> Task goal:
Your output should be the lines below from the one holding "Subsystem4/2(Vpv actual) ->" through the one holding "Tc/1 -> Divide/6", transcribed exactly, with no pictures.

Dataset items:

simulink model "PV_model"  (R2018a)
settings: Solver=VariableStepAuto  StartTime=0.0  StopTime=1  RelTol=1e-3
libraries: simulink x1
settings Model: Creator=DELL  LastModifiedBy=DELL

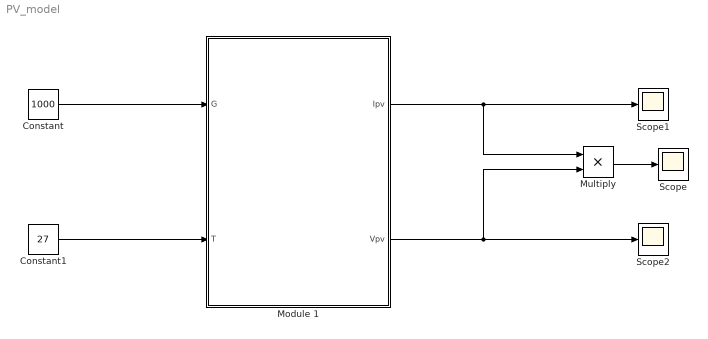
== system PV_model ==
  Constant : Constant  Value=1000
  Constant1 : Constant  Value=27
  "Module 1 " : Subsystem
  Multiply : Product
  Scope : Scope
  Scope1 : Scope
  Scope2 : Scope
  wires:
  Constant1/1 -> "Module 1 "/2(T)
  Constant/1 -> "Module 1 "/1(G)
  "Module 1 "/1(Ipv) -> Scope1/1, Multiply/1
  "Module 1 "/2("Vpv ") -> Scope2/1, Multiply/2
  Multiply/1 -> Scope/1

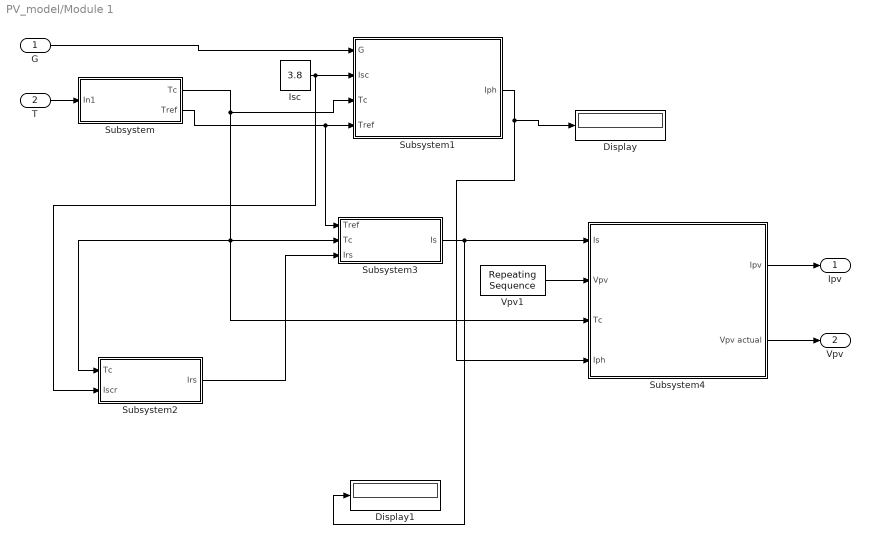
== system PV_model/Module 1  ==
  G : Inport
  T : Inport  Port=2
  Display : Display
  Display1 : Display
  "Isc " : Constant  Value=3.8
  Subsystem : Subsystem
  Subsystem1 : Subsystem
  Subsystem2 : Subsystem
  Subsystem3 : Subsystem
  Subsystem4 : Subsystem
  Vpv1 : simulink/Sources/Repeating Sequence  rep_seq_t=[0 1 2]  rep_seq_y=[0 21 0]
  Ipv : Outport
  "Vpv " : Outport  Port=2
  wires:
  "Isc "/1 -> Subsystem2/2(Iscr), Subsystem1/2(Isc)
  Subsystem/1(Tc) -> Subsystem4/3(Tc), Subsystem2/1(Tc), Subsystem3/2(Tc), Subsystem1/3(Tc)
  Subsystem/2("Tref ") -> Subsystem3/1(Tref), Subsystem1/4(Tref)
  G/1 -> Subsystem1/1(G)
  Subsystem2/1(Irs) -> Subsystem3/3("Irs ")
  Subsystem1/1(Iph) -> Display/1, Subsystem4/4("Iph ")
  Vpv1/1 -> Subsystem4/2(Vpv)
  Subsystem3/1(Is) -> Display1/1, Subsystem4/1("Is ")
  T/1 -> Subsystem/1(In1)
  Subsystem4/1(Ipv) -> Ipv/1
  Subsystem4/2(Vpv actual) -> "Vpv "/1

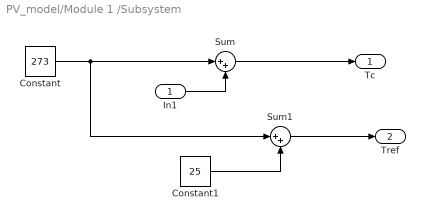
== system PV_model/Module 1 /Subsystem ==
  In1 : Inport
  Constant : Constant  Value=273
  Constant1 : Constant  Value=25
  Sum : Sum  Inputs=|++
  Sum1 : Sum  Inputs=|++
  Tc : Outport
  "Tref " : Outport  Port=2
  wires:
  In1/1 -> Sum/2
  Constant/1 -> Sum/1, Sum1/1
  Constant1/1 -> Sum1/2
  Sum/1 -> Tc/1
  Sum1/1 -> "Tref "/1

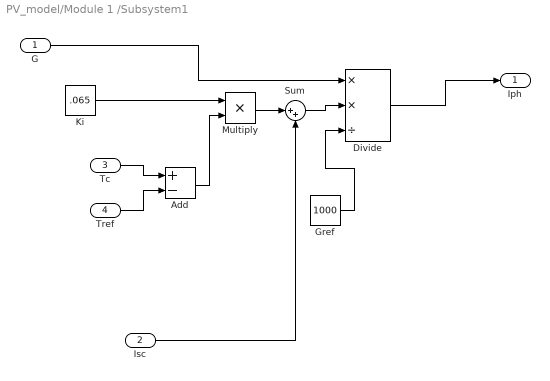
== system PV_model/Module 1 /Subsystem1 ==
  G : Inport
  Isc : Inport  Port=2
  Tc : Inport  Port=3
  Tref : Inport  Port=4
  Add : Sum  Inputs=+-
  Divide : Product  Inputs=**/
  Gref : Constant  Value=1000
  Ki : Constant  Value=.065
  Multiply : Product
  Sum : Sum  Inputs=|++
  Iph : Outport
  wires:
  Tc/1 -> Add/1
  Tref/1 -> Add/2
  Add/1 -> Multiply/2
  Ki/1 -> Multiply/1
  Multiply/1 -> Sum/1
  Isc/1 -> Sum/2
  G/1 -> Divide/1
  Sum/1 -> Divide/2
  Gref/1 -> Divide/3
  Divide/1 -> Iph/1

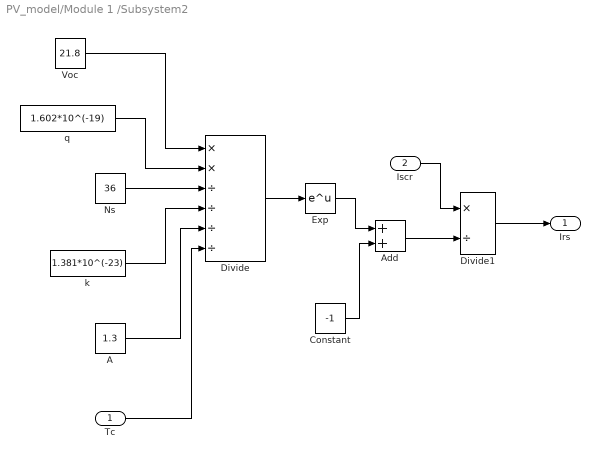
== system PV_model/Module 1 /Subsystem2 ==
  Tc : Inport
  Iscr : Inport  Port=2
  A : Constant  Value=1.3
  Add : Sum
  Constant : Constant  Value=-1
  Divide : Product  Inputs=**////
  Divide1 : Product  Inputs=*/
  Exp : Math  SaturateOnIntegerOverflow=on
  Ns : Constant  Value=36
  "Voc " : Constant  Value=21.8
  k : Constant  Value=1.381*10^(-23)
  q : Constant  Value=1.602*10^(-19)
  Irs : Outport
  wires:
  "Voc "/1 -> Divide/1
  q/1 -> Divide/2
  Ns/1 -> Divide/3
  k/1 -> Divide/4
  A/1 -> Divide/5
  Tc/1 -> Divide/6
  Divide/1 -> Exp/1
  Exp/1 -> Add/1
  Constant/1 -> Add/2
  Add/1 -> Divide1/2
  Iscr/1 -> Divide1/1
  Divide1/1 -> Irs/1

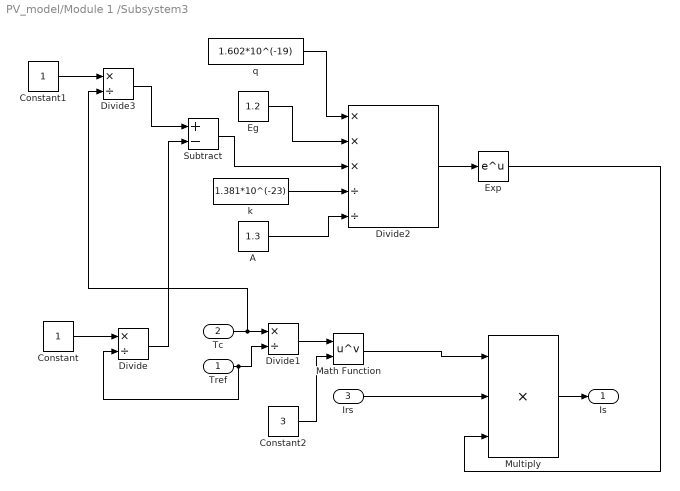
== system PV_model/Module 1 /Subsystem3 ==
  Tref : Inport
  Tc : Inport  Port=2
  "Irs " : Inport  Port=3
  A : Constant  Value=1.3
  Constant : Constant
  Constant1 : Constant
  Constant2 : Constant  Value=3
  Divide : Product  Inputs=*/
  Divide1 : Product  Inputs=*/
  Divide2 : Product  Inputs=***//
  Divide3 : Product  Inputs=*/
  Eg : Constant  Value=1.2
  Exp : Math  SaturateOnIntegerOverflow=on
  Math Function : Math  Operator=pow  SaturateOnIntegerOverflow=on
  Multiply : Product  Inputs=3
  Subtract : Sum  Inputs=+-
  k : Constant  Value=1.381*10^(-23)
  q : Constant  Value=1.602*10^(-19)
  Is : Outport
  wires:
  Constant/1 -> Divide/1
  Tref/1 -> Divide/2, Divide1/2
  Math Function/1 -> Multiply/1
  "Irs "/1 -> Multiply/2
  Multiply/1 -> Is/1
  Exp/1 -> Multiply/3
  Divide2/1 -> Exp/1
  k/1 -> Divide2/4
  A/1 -> Divide2/5
  Tc/1 -> Divide3/2, Divide1/1
  Constant1/1 -> Divide3/1
  Divide3/1 -> Subtract/1
  Divide/1 -> Subtract/2
  Subtract/1 -> Divide2/3
  Eg/1 -> Divide2/2
  q/1 -> Divide2/1
  Divide1/1 -> Math Function/1
  Constant2/1 -> Math Function/2

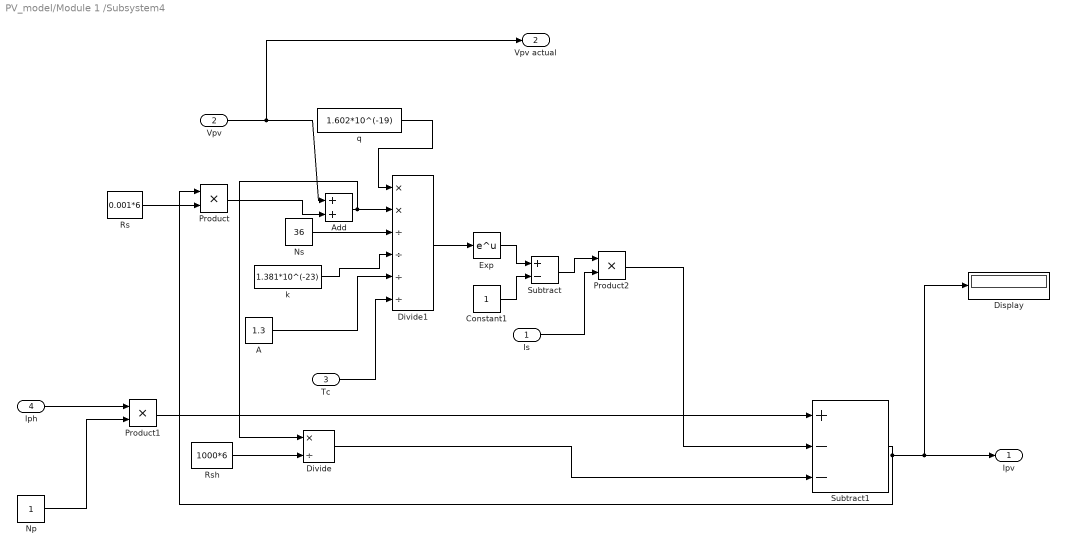
== system PV_model/Module 1 /Subsystem4 ==
  "Is " : Inport
  Vpv : Inport  Port=2
  Tc : Inport  Port=3
  "Iph " : Inport  Port=4
  A : Constant  Value=1.3
  Add : Sum
  Constant1 : Constant
  Display : Display
  Divide : Product  Inputs=*/
  Divide1 : Product  Inputs=**////
  Exp : Math  SaturateOnIntegerOverflow=on
  Np : Constant
  Ns : Constant  Value=36
  Product : Product
  Product1 : Product
  Product2 : Product
  Rs : Constant  Value=0.001*6
  Rsh : Constant  Value=1000*6
  Subtract : Sum  Inputs=+-
  Subtract1 : Sum  Inputs=+--
  k : Constant  Value=1.381*10^(-23)
  q : Constant  Value=1.602*10^(-19)
  Ipv : Outport
  Vpv actual : Outport  Port=2
  wires:
  Rsh/1 -> Divide/2
  k/1 -> Divide1/4
  A/1 -> Divide1/5
  Ns/1 -> Divide1/3
  Divide1/1 -> Exp/1
  Exp/1 -> Subtract/1
  Constant1/1 -> Subtract/2
  Subtract/1 -> Product2/1
  "Is "/1 -> Product2/2
  Product/1 -> Add/2
  Vpv/1 -> Vpv actual/1, Add/1
  Add/1 -> Divide/1, Divide1/2
  Tc/1 -> Divide1/6
  q/1 -> Divide1/1
  "Iph "/1 -> Product1/1
  Rs/1 -> Product/2
  Np/1 -> Product1/2
  Product1/1 -> Subtract1/1
  Product2/1 -> Subtract1/2
  Subtract1/1 -> Product/1, Display/1, Ipv/1
  Divide/1 -> Subtract1/3

> Reply:
  Subsystem4/2(Vpv actual) -> "Vpv "/1

== system PV_model/Module 1 /Subsystem ==
  In1 : Inport
  Constant : Constant  Value=273
  Constant1 : Constant  Value=25
  Sum : Sum  Inputs=|++
  Sum1 : Sum  Inputs=|++
  Tc : Outport
  "Tref " : Outport  Port=2
  wires:
  In1/1 -> Sum/2
  Constant/1 -> Sum/1, Sum1/1
  Constant1/1 -> Sum1/2
  Sum/1 -> Tc/1
  Sum1/1 -> "Tref "/1

== system PV_model/Module 1 /Subsystem1 ==
  G : Inport
  Isc : Inport  Port=2
  Tc : Inport  Port=3
  Tref : Inport  Port=4
  Add : Sum  Inputs=+-
  Divide : Product  Inputs=**/
  Gref : Constant  Value=1000
  Ki : Constant  Value=.065
  Multiply : Product
  Sum : Sum  Inputs=|++
  Iph : Outport
  wires:
  Tc/1 -> Add/1
  Tref/1 -> Add/2
  Add/1 -> Multiply/2
  Ki/1 -> Multiply/1
  Multiply/1 -> Sum/1
  Isc/1 -> Sum/2
  G/1 -> Divide/1
  Sum/1 -> Divide/2
  Gref/1 -> Divide/3
  Divide/1 -> Iph/1

== system PV_model/Module 1 /Subsystem2 ==
  Tc : Inport
  Iscr : Inport  Port=2
  A : Constant  Value=1.3
  Add : Sum
  Constant : Constant  Value=-1
  Divide : Product  Inputs=**////
  Divide1 : Product  Inputs=*/
  Exp : Math  SaturateOnIntegerOverflow=on
  Ns : Constant  Value=36
  "Voc " : Constant  Value=21.8
  k : Constant  Value=1.381*10^(-23)
  q : Constant  Value=1.602*10^(-19)
  Irs : Outport
  wires:
  "Voc "/1 -> Divide/1
  q/1 -> Divide/2
  Ns/1 -> Divide/3
  k/1 -> Divide/4
  A/1 -> Divide/5
  Tc/1 -> Divide/6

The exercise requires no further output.